Records from a dataset

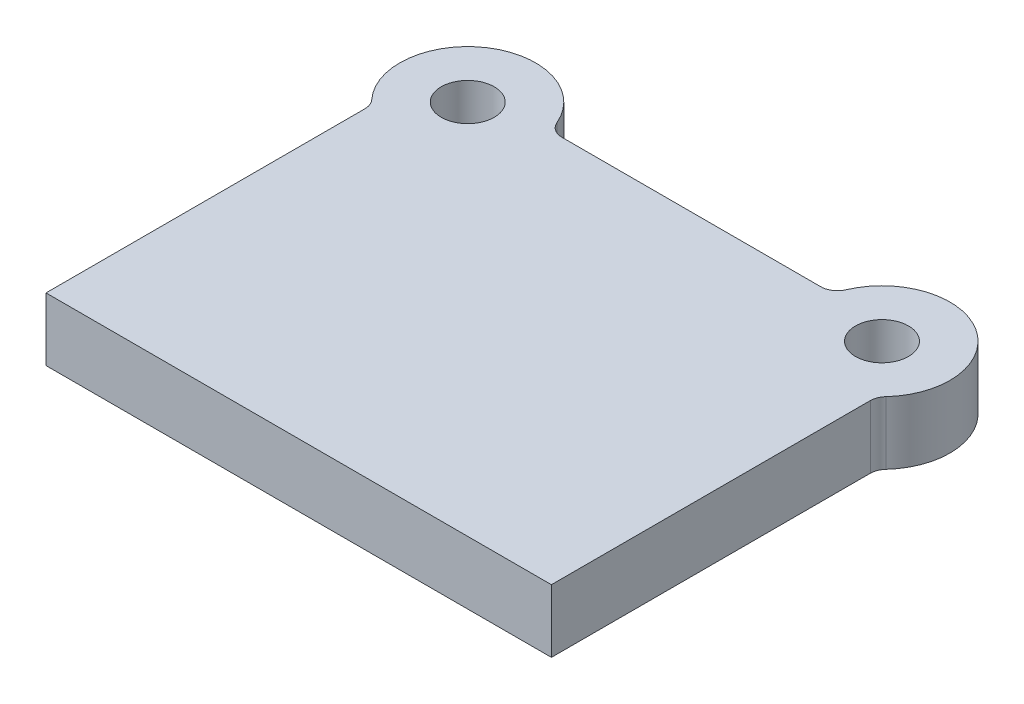
ISO-10303-21;
HEADER;
FILE_DESCRIPTION(('STEP AP214'),'2;1');
FILE_NAME('part.step','',(''),(''),'','','');
FILE_SCHEMA(('AUTOMOTIVE_DESIGN { 1 0 10303 214 1 1 1 1 }'));
ENDSEC;
DATA;
#1=APPLICATION_CONTEXT('core data for automotive mechanical design processes');
#2=APPLICATION_PROTOCOL_DEFINITION('international standard','automotive_design',2000,#1);
#3=PRODUCT_CONTEXT('',#1,'mechanical');
#4=PRODUCT('Part','Part','',(#3));
#5=PRODUCT_RELATED_PRODUCT_CATEGORY('part','',(#4));
#6=PRODUCT_DEFINITION_FORMATION('','',#4);
#7=PRODUCT_DEFINITION_CONTEXT('part definition',#1,'design');
#8=PRODUCT_DEFINITION('design','',#6,#7);
#9=PRODUCT_DEFINITION_SHAPE('','',#8);
#10=(LENGTH_UNIT() NAMED_UNIT(*) SI_UNIT(.MILLI.,.METRE.));
#11=(NAMED_UNIT(*) PLANE_ANGLE_UNIT() SI_UNIT($,.RADIAN.));
#12=(NAMED_UNIT(*) SI_UNIT($,.STERADIAN.) SOLID_ANGLE_UNIT());
#13=UNCERTAINTY_MEASURE_WITH_UNIT(LENGTH_MEASURE(1.E-05),#10,'distance_accuracy_value','');
#14=(GEOMETRIC_REPRESENTATION_CONTEXT(3) GLOBAL_UNCERTAINTY_ASSIGNED_CONTEXT((#13)) GLOBAL_UNIT_ASSIGNED_CONTEXT((#10,
#11,#12)) REPRESENTATION_CONTEXT('',''));
#15=CARTESIAN_POINT('',(0.,0.,0.));
#16=DIRECTION('',(0.,0.,1.));
#17=DIRECTION('',(1.,0.,0.));
#18=AXIS2_PLACEMENT_3D('',#15,#16,#17);
#19=CARTESIAN_POINT('',(-125.,38.,-227.));
#20=DIRECTION('',(0.,1.,0.));
#21=DIRECTION('',(0.,0.,1.));
#22=AXIS2_PLACEMENT_3D('',#19,#20,#21);
#23=PLANE('',#22);
#24=CARTESIAN_POINT('',(-125.,38.,-227.));
#25=DIRECTION('',(0.,1.,0.));
#26=DIRECTION('',(0.,0.,1.));
#27=AXIS2_PLACEMENT_3D('',#24,#25,#26);
#28=CIRCLE('',#27,16.);
#29=CARTESIAN_POINT('',(-125.,38.,-211.));
#30=VERTEX_POINT('',#29);
#31=EDGE_CURVE('E195',#30,#30,#28,.T.);
#32=ORIENTED_EDGE('',*,*,#31,.F.);
#33=EDGE_LOOP('',(#32));
#34=FACE_BOUND('',#33,.T.);
#35=CARTESIAN_POINT('',(-125.,38.,-227.));
#36=DIRECTION('',(0.,1.,0.));
#37=DIRECTION('',(0.,0.,1.));
#38=AXIS2_PLACEMENT_3D('',#35,#36,#37);
#39=CIRCLE('',#38,41.);
#40=CARTESIAN_POINT('',(-87.2841671893854,38.,-243.078431372549));
#41=VERTEX_POINT('',#40);
#42=CARTESIAN_POINT('',(-155.147058823529,38.,-199.212325676828));
#43=VERTEX_POINT('',#42);
#44=EDGE_CURVE('E141',#41,#43,#39,.T.);
#45=ORIENTED_EDGE('',*,*,#44,.T.);
#46=CARTESIAN_POINT('',(-162.5,38.,-192.434844134591));
#47=DIRECTION('',(0.,1.,0.));
#48=DIRECTION('',(0.,0.,1.));
#49=AXIS2_PLACEMENT_3D('',#46,#47,#48);
#50=CIRCLE('',#49,10.);
#51=CARTESIAN_POINT('',(-152.5,38.,-192.434844134591));
#52=VERTEX_POINT('',#51);
#53=EDGE_CURVE('E117',#43,#52,#50,.F.);
#54=ORIENTED_EDGE('',*,*,#53,.T.);
#55=DIRECTION('',(0.,0.,1.));
#56=VECTOR('',#55,1.);
#57=CARTESIAN_POINT('',(-152.5,38.,0.));
#58=LINE('',#57,#56);
#59=CARTESIAN_POINT('',(-152.5,38.,0.));
#60=VERTEX_POINT('',#59);
#61=EDGE_CURVE('E109',#52,#60,#58,.T.);
#62=ORIENTED_EDGE('',*,*,#61,.T.);
#63=DIRECTION('',(1.,0.,0.));
#64=VECTOR('',#63,1.);
#65=CARTESIAN_POINT('',(152.5,38.,0.));
#66=LINE('',#65,#64);
#67=CARTESIAN_POINT('',(152.5,38.,0.));
#68=VERTEX_POINT('',#67);
#69=EDGE_CURVE('E114',#60,#68,#66,.T.);
#70=ORIENTED_EDGE('',*,*,#69,.T.);
#71=DIRECTION('',(0.,0.,-1.));
#72=VECTOR('',#71,1.);
#73=CARTESIAN_POINT('',(152.5,38.,0.));
#74=LINE('',#73,#72);
#75=CARTESIAN_POINT('',(152.5,38.,-192.434844134591));
#76=VERTEX_POINT('',#75);
#77=EDGE_CURVE('E131',#68,#76,#74,.T.);
#78=ORIENTED_EDGE('',*,*,#77,.T.);
#79=CARTESIAN_POINT('',(162.5,38.,-192.434844134591));
#80=DIRECTION('',(0.,1.,0.));
#81=DIRECTION('',(0.,0.,1.));
#82=AXIS2_PLACEMENT_3D('',#79,#80,#81);
#83=CIRCLE('',#82,10.);
#84=CARTESIAN_POINT('',(155.147058823529,38.,-199.212325676828));
#85=VERTEX_POINT('',#84);
#86=EDGE_CURVE('E162',#76,#85,#83,.F.);
#87=ORIENTED_EDGE('',*,*,#86,.T.);
#88=CARTESIAN_POINT('',(125.,38.,-227.));
#89=DIRECTION('',(0.,1.,0.));
#90=DIRECTION('',(0.,0.,-1.));
#91=AXIS2_PLACEMENT_3D('',#88,#89,#90);
#92=CIRCLE('',#91,41.);
#93=CARTESIAN_POINT('',(87.2841671893854,38.,-243.078431372549));
#94=VERTEX_POINT('',#93);
#95=EDGE_CURVE('E189',#85,#94,#92,.T.);
#96=ORIENTED_EDGE('',*,*,#95,.T.);
#97=CARTESIAN_POINT('',(78.0851835770404,38.,-247.));
#98=DIRECTION('',(0.,1.,0.));
#99=DIRECTION('',(0.,0.,1.));
#100=AXIS2_PLACEMENT_3D('',#97,#98,#99);
#101=CIRCLE('',#100,10.);
#102=CARTESIAN_POINT('',(78.0851835770404,38.,-237.));
#103=VERTEX_POINT('',#102);
#104=EDGE_CURVE('E55',#94,#103,#101,.F.);
#105=ORIENTED_EDGE('',*,*,#104,.T.);
#106=DIRECTION('',(-1.,0.,0.));
#107=VECTOR('',#106,1.);
#108=CARTESIAN_POINT('',(85.2382092958579,38.,-237.));
#109=LINE('',#108,#107);
#110=CARTESIAN_POINT('',(-78.0851835770404,38.,-237.));
#111=VERTEX_POINT('',#110);
#112=EDGE_CURVE('E184',#103,#111,#109,.T.);
#113=ORIENTED_EDGE('',*,*,#112,.T.);
#114=CARTESIAN_POINT('',(-78.0851835770404,38.,-247.));
#115=DIRECTION('',(0.,1.,0.));
#116=DIRECTION('',(0.,0.,1.));
#117=AXIS2_PLACEMENT_3D('',#114,#115,#116);
#118=CIRCLE('',#117,10.);
#119=EDGE_CURVE('E11',#111,#41,#118,.F.);
#120=ORIENTED_EDGE('',*,*,#119,.T.);
#121=EDGE_LOOP('',(#45,#54,#62,#70,#78,#87,#96,#105,#113,#120));
#122=FACE_BOUND('',#121,.T.);
#123=CARTESIAN_POINT('',(125.,38.,-227.));
#124=DIRECTION('',(0.,1.,0.));
#125=DIRECTION('',(0.,0.,-1.));
#126=AXIS2_PLACEMENT_3D('',#123,#124,#125);
#127=CIRCLE('',#126,16.);
#128=CARTESIAN_POINT('',(125.,38.,-243.));
#129=VERTEX_POINT('',#128);
#130=EDGE_CURVE('E213',#129,#129,#127,.T.);
#131=ORIENTED_EDGE('',*,*,#130,.F.);
#132=EDGE_LOOP('',(#131));
#133=FACE_BOUND('',#132,.T.);
#134=ADVANCED_FACE('F33',(#34,#122,#133),#23,.T.);
#135=CARTESIAN_POINT('',(-125.,0.,-227.));
#136=DIRECTION('',(0.,1.,0.));
#137=DIRECTION('',(0.,0.,1.));
#138=AXIS2_PLACEMENT_3D('',#135,#136,#137);
#139=PLANE('',#138);
#140=DIRECTION('',(0.,0.,1.));
#141=VECTOR('',#140,1.);
#142=CARTESIAN_POINT('',(-152.5,0.,0.));
#143=LINE('',#142,#141);
#144=CARTESIAN_POINT('',(-152.5,0.,-192.434844134591));
#145=VERTEX_POINT('',#144);
#146=CARTESIAN_POINT('',(-152.5,0.,0.));
#147=VERTEX_POINT('',#146);
#148=EDGE_CURVE('E135',#145,#147,#143,.T.);
#149=ORIENTED_EDGE('',*,*,#148,.F.);
#150=CARTESIAN_POINT('',(-162.5,0.,-192.434844134591));
#151=DIRECTION('',(0.,1.,0.));
#152=DIRECTION('',(0.,0.,1.));
#153=AXIS2_PLACEMENT_3D('',#150,#151,#152);
#154=CIRCLE('',#153,10.);
#155=CARTESIAN_POINT('',(-155.147058823529,0.,-199.212325676828));
#156=VERTEX_POINT('',#155);
#157=EDGE_CURVE('E164',#145,#156,#154,.T.);
#158=ORIENTED_EDGE('',*,*,#157,.T.);
#159=CARTESIAN_POINT('',(-125.,0.,-227.));
#160=DIRECTION('',(0.,1.,0.));
#161=DIRECTION('',(0.,0.,1.));
#162=AXIS2_PLACEMENT_3D('',#159,#160,#161);
#163=CIRCLE('',#162,41.);
#164=CARTESIAN_POINT('',(-87.2841671893854,0.,-243.078431372549));
#165=VERTEX_POINT('',#164);
#166=EDGE_CURVE('E122',#165,#156,#163,.T.);
#167=ORIENTED_EDGE('',*,*,#166,.F.);
#168=CARTESIAN_POINT('',(-78.0851835770404,0.,-247.));
#169=DIRECTION('',(0.,1.,0.));
#170=DIRECTION('',(0.,0.,1.));
#171=AXIS2_PLACEMENT_3D('',#168,#169,#170);
#172=CIRCLE('',#171,10.);
#173=CARTESIAN_POINT('',(-78.0851835770404,0.,-237.));
#174=VERTEX_POINT('',#173);
#175=EDGE_CURVE('E41',#165,#174,#172,.T.);
#176=ORIENTED_EDGE('',*,*,#175,.T.);
#177=DIRECTION('',(-1.,0.,0.));
#178=VECTOR('',#177,1.);
#179=CARTESIAN_POINT('',(85.2382092958579,0.,-237.));
#180=LINE('',#179,#178);
#181=CARTESIAN_POINT('',(78.0851835770404,0.,-237.));
#182=VERTEX_POINT('',#181);
#183=EDGE_CURVE('E174',#182,#174,#180,.T.);
#184=ORIENTED_EDGE('',*,*,#183,.F.);
#185=CARTESIAN_POINT('',(78.0851835770404,0.,-247.));
#186=DIRECTION('',(0.,1.,0.));
#187=DIRECTION('',(0.,0.,1.));
#188=AXIS2_PLACEMENT_3D('',#185,#186,#187);
#189=CIRCLE('',#188,10.);
#190=CARTESIAN_POINT('',(87.2841671893854,0.,-243.078431372549));
#191=VERTEX_POINT('',#190);
#192=EDGE_CURVE('E167',#182,#191,#189,.T.);
#193=ORIENTED_EDGE('',*,*,#192,.T.);
#194=CARTESIAN_POINT('',(125.,0.,-227.));
#195=DIRECTION('',(0.,1.,0.));
#196=DIRECTION('',(0.,0.,-1.));
#197=AXIS2_PLACEMENT_3D('',#194,#195,#196);
#198=CIRCLE('',#197,41.);
#199=CARTESIAN_POINT('',(155.147058823529,0.,-199.212325676828));
#200=VERTEX_POINT('',#199);
#201=EDGE_CURVE('E180',#200,#191,#198,.T.);
#202=ORIENTED_EDGE('',*,*,#201,.F.);
#203=CARTESIAN_POINT('',(162.5,0.,-192.434844134591));
#204=DIRECTION('',(0.,1.,0.));
#205=DIRECTION('',(0.,0.,1.));
#206=AXIS2_PLACEMENT_3D('',#203,#204,#205);
#207=CIRCLE('',#206,10.);
#208=CARTESIAN_POINT('',(152.5,0.,-192.434844134591));
#209=VERTEX_POINT('',#208);
#210=EDGE_CURVE('E160',#200,#209,#207,.T.);
#211=ORIENTED_EDGE('',*,*,#210,.T.);
#212=DIRECTION('',(0.,0.,-1.));
#213=VECTOR('',#212,1.);
#214=CARTESIAN_POINT('',(152.5,0.,0.));
#215=LINE('',#214,#213);
#216=CARTESIAN_POINT('',(152.5,0.,0.));
#217=VERTEX_POINT('',#216);
#218=EDGE_CURVE('E197',#217,#209,#215,.T.);
#219=ORIENTED_EDGE('',*,*,#218,.F.);
#220=DIRECTION('',(1.,0.,0.));
#221=VECTOR('',#220,1.);
#222=CARTESIAN_POINT('',(152.5,0.,0.));
#223=LINE('',#222,#221);
#224=EDGE_CURVE('E194',#147,#217,#223,.T.);
#225=ORIENTED_EDGE('',*,*,#224,.F.);
#226=EDGE_LOOP('',(#149,#158,#167,#176,#184,#193,#202,#211,#219,#225));
#227=FACE_BOUND('',#226,.T.);
#228=CARTESIAN_POINT('',(-125.,0.,-227.));
#229=DIRECTION('',(0.,1.,0.));
#230=DIRECTION('',(0.,0.,1.));
#231=AXIS2_PLACEMENT_3D('',#228,#229,#230);
#232=CIRCLE('',#231,16.);
#233=CARTESIAN_POINT('',(-125.,0.,-211.));
#234=VERTEX_POINT('',#233);
#235=EDGE_CURVE('E210',#234,#234,#232,.T.);
#236=ORIENTED_EDGE('',*,*,#235,.T.);
#237=EDGE_LOOP('',(#236));
#238=FACE_BOUND('',#237,.T.);
#239=CARTESIAN_POINT('',(125.,0.,-227.));
#240=DIRECTION('',(0.,1.,0.));
#241=DIRECTION('',(0.,0.,-1.));
#242=AXIS2_PLACEMENT_3D('',#239,#240,#241);
#243=CIRCLE('',#242,16.);
#244=CARTESIAN_POINT('',(125.,0.,-243.));
#245=VERTEX_POINT('',#244);
#246=EDGE_CURVE('E216',#245,#245,#243,.T.);
#247=ORIENTED_EDGE('',*,*,#246,.T.);
#248=EDGE_LOOP('',(#247));
#249=FACE_BOUND('',#248,.T.);
#250=ADVANCED_FACE('F172',(#227,#238,#249),#139,.F.);
#251=CARTESIAN_POINT('',(-152.5,38.,0.));
#252=DIRECTION('',(1.,0.,0.));
#253=DIRECTION('',(0.,0.,-1.));
#254=AXIS2_PLACEMENT_3D('',#251,#252,#253);
#255=PLANE('',#254);
#256=ORIENTED_EDGE('',*,*,#61,.F.);
#257=DIRECTION('',(0.,1.,0.));
#258=VECTOR('',#257,1.);
#259=CARTESIAN_POINT('',(-152.5,0.,-192.434844134591));
#260=LINE('',#259,#258);
#261=EDGE_CURVE('E149',#52,#145,#260,.F.);
#262=ORIENTED_EDGE('',*,*,#261,.T.);
#263=ORIENTED_EDGE('',*,*,#148,.T.);
#264=DIRECTION('',(0.,-1.,0.));
#265=VECTOR('',#264,1.);
#266=CARTESIAN_POINT('',(-152.5,38.,0.));
#267=LINE('',#266,#265);
#268=EDGE_CURVE('E127',#60,#147,#267,.T.);
#269=ORIENTED_EDGE('',*,*,#268,.F.);
#270=EDGE_LOOP('',(#256,#262,#263,#269));
#271=FACE_BOUND('',#270,.T.);
#272=ADVANCED_FACE('F133',(#271),#255,.F.);
#273=CARTESIAN_POINT('',(152.5,38.,0.));
#274=DIRECTION('',(0.,0.,-1.));
#275=DIRECTION('',(-1.,0.,0.));
#276=AXIS2_PLACEMENT_3D('',#273,#274,#275);
#277=PLANE('',#276);
#278=ORIENTED_EDGE('',*,*,#224,.T.);
#279=DIRECTION('',(0.,-1.,0.));
#280=VECTOR('',#279,1.);
#281=CARTESIAN_POINT('',(152.5,38.,0.));
#282=LINE('',#281,#280);
#283=EDGE_CURVE('E129',#68,#217,#282,.T.);
#284=ORIENTED_EDGE('',*,*,#283,.F.);
#285=ORIENTED_EDGE('',*,*,#69,.F.);
#286=ORIENTED_EDGE('',*,*,#268,.T.);
#287=EDGE_LOOP('',(#278,#284,#285,#286));
#288=FACE_BOUND('',#287,.T.);
#289=ADVANCED_FACE('F126',(#288),#277,.F.);
#290=CARTESIAN_POINT('',(152.5,38.,0.));
#291=DIRECTION('',(-1.,0.,0.));
#292=DIRECTION('',(0.,0.,1.));
#293=AXIS2_PLACEMENT_3D('',#290,#291,#292);
#294=PLANE('',#293);
#295=ORIENTED_EDGE('',*,*,#218,.T.);
#296=DIRECTION('',(0.,1.,0.));
#297=VECTOR('',#296,1.);
#298=CARTESIAN_POINT('',(152.5,38.,-192.434844134591));
#299=LINE('',#298,#297);
#300=EDGE_CURVE('E147',#209,#76,#299,.T.);
#301=ORIENTED_EDGE('',*,*,#300,.T.);
#302=ORIENTED_EDGE('',*,*,#77,.F.);
#303=ORIENTED_EDGE('',*,*,#283,.T.);
#304=EDGE_LOOP('',(#295,#301,#302,#303));
#305=FACE_BOUND('',#304,.T.);
#306=ADVANCED_FACE('F205',(#305),#294,.F.);
#307=CARTESIAN_POINT('',(125.,38.,-227.));
#308=DIRECTION('',(0.,-1.,0.));
#309=DIRECTION('',(0.,0.,-1.));
#310=AXIS2_PLACEMENT_3D('',#307,#308,#309);
#311=CYLINDRICAL_SURFACE('',#310,41.);
#312=ORIENTED_EDGE('',*,*,#95,.F.);
#313=DIRECTION('',(0.,-1.,0.));
#314=VECTOR('',#313,1.);
#315=CARTESIAN_POINT('',(155.147058823529,38.,-199.212325676828));
#316=LINE('',#315,#314);
#317=EDGE_CURVE('E139',#85,#200,#316,.T.);
#318=ORIENTED_EDGE('',*,*,#317,.T.);
#319=ORIENTED_EDGE('',*,*,#201,.T.);
#320=DIRECTION('',(0.,-1.,0.));
#321=VECTOR('',#320,1.);
#322=CARTESIAN_POINT('',(87.2841671893854,38.,-243.078431372549));
#323=LINE('',#322,#321);
#324=EDGE_CURVE('E137',#191,#94,#323,.F.);
#325=ORIENTED_EDGE('',*,*,#324,.T.);
#326=EDGE_LOOP('',(#312,#318,#319,#325));
#327=FACE_BOUND('',#326,.T.);
#328=ADVANCED_FACE('F240',(#327),#311,.T.);
#329=CARTESIAN_POINT('',(85.2382092958579,38.,-237.));
#330=DIRECTION('',(0.,0.,1.));
#331=DIRECTION('',(1.,0.,0.));
#332=AXIS2_PLACEMENT_3D('',#329,#330,#331);
#333=PLANE('',#332);
#334=ORIENTED_EDGE('',*,*,#112,.F.);
#335=DIRECTION('',(0.,1.,0.));
#336=VECTOR('',#335,1.);
#337=CARTESIAN_POINT('',(78.0851835770404,0.,-237.));
#338=LINE('',#337,#336);
#339=EDGE_CURVE('E157',#103,#182,#338,.F.);
#340=ORIENTED_EDGE('',*,*,#339,.T.);
#341=ORIENTED_EDGE('',*,*,#183,.T.);
#342=DIRECTION('',(0.,1.,0.));
#343=VECTOR('',#342,1.);
#344=CARTESIAN_POINT('',(-78.0851835770404,38.,-237.));
#345=LINE('',#344,#343);
#346=EDGE_CURVE('E48',#174,#111,#345,.T.);
#347=ORIENTED_EDGE('',*,*,#346,.T.);
#348=EDGE_LOOP('',(#334,#340,#341,#347));
#349=FACE_BOUND('',#348,.T.);
#350=ADVANCED_FACE('F178',(#349),#333,.F.);
#351=CARTESIAN_POINT('',(-125.,38.,-227.));
#352=DIRECTION('',(0.,-1.,0.));
#353=DIRECTION('',(0.,0.,-1.));
#354=AXIS2_PLACEMENT_3D('',#351,#352,#353);
#355=CYLINDRICAL_SURFACE('',#354,41.);
#356=ORIENTED_EDGE('',*,*,#166,.T.);
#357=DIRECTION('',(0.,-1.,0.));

The task: Of all the entries above, repeat only the lines from the line that has "#47=DIRECTION('',(0.,1.,0.));" to the line that has "#92=CIRCLE('',#91,41.);", both lines included, exactly.

Response area:
#47=DIRECTION('',(0.,1.,0.));
#48=DIRECTION('',(0.,0.,1.));
#49=AXIS2_PLACEMENT_3D('',#46,#47,#48);
#50=CIRCLE('',#49,10.);
#51=CARTESIAN_POINT('',(-152.5,38.,-192.434844134591));
#52=VERTEX_POINT('',#51);
#53=EDGE_CURVE('E117',#43,#52,#50,.F.);
#54=ORIENTED_EDGE('',*,*,#53,.T.);
#55=DIRECTION('',(0.,0.,1.));
#56=VECTOR('',#55,1.);
#57=CARTESIAN_POINT('',(-152.5,38.,0.));
#58=LINE('',#57,#56);
#59=CARTESIAN_POINT('',(-152.5,38.,0.));
#60=VERTEX_POINT('',#59);
#61=EDGE_CURVE('E109',#52,#60,#58,.T.);
#62=ORIENTED_EDGE('',*,*,#61,.T.);
#63=DIRECTION('',(1.,0.,0.));
#64=VECTOR('',#63,1.);
#65=CARTESIAN_POINT('',(152.5,38.,0.));
#66=LINE('',#65,#64);
#67=CARTESIAN_POINT('',(152.5,38.,0.));
#68=VERTEX_POINT('',#67);
#69=EDGE_CURVE('E114',#60,#68,#66,.T.);
#70=ORIENTED_EDGE('',*,*,#69,.T.);
#71=DIRECTION('',(0.,0.,-1.));
#72=VECTOR('',#71,1.);
#73=CARTESIAN_POINT('',(152.5,38.,0.));
#74=LINE('',#73,#72);
#75=CARTESIAN_POINT('',(152.5,38.,-192.434844134591));
#76=VERTEX_POINT('',#75);
#77=EDGE_CURVE('E131',#68,#76,#74,.T.);
#78=ORIENTED_EDGE('',*,*,#77,.T.);
#79=CARTESIAN_POINT('',(162.5,38.,-192.434844134591));
#80=DIRECTION('',(0.,1.,0.));
#81=DIRECTION('',(0.,0.,1.));
#82=AXIS2_PLACEMENT_3D('',#79,#80,#81);
#83=CIRCLE('',#82,10.);
#84=CARTESIAN_POINT('',(155.147058823529,38.,-199.212325676828));
#85=VERTEX_POINT('',#84);
#86=EDGE_CURVE('E162',#76,#85,#83,.F.);
#87=ORIENTED_EDGE('',*,*,#86,.T.);
#88=CARTESIAN_POINT('',(125.,38.,-227.));
#89=DIRECTION('',(0.,1.,0.));
#90=DIRECTION('',(0.,0.,-1.));
#91=AXIS2_PLACEMENT_3D('',#88,#89,#90);
#92=CIRCLE('',#91,41.);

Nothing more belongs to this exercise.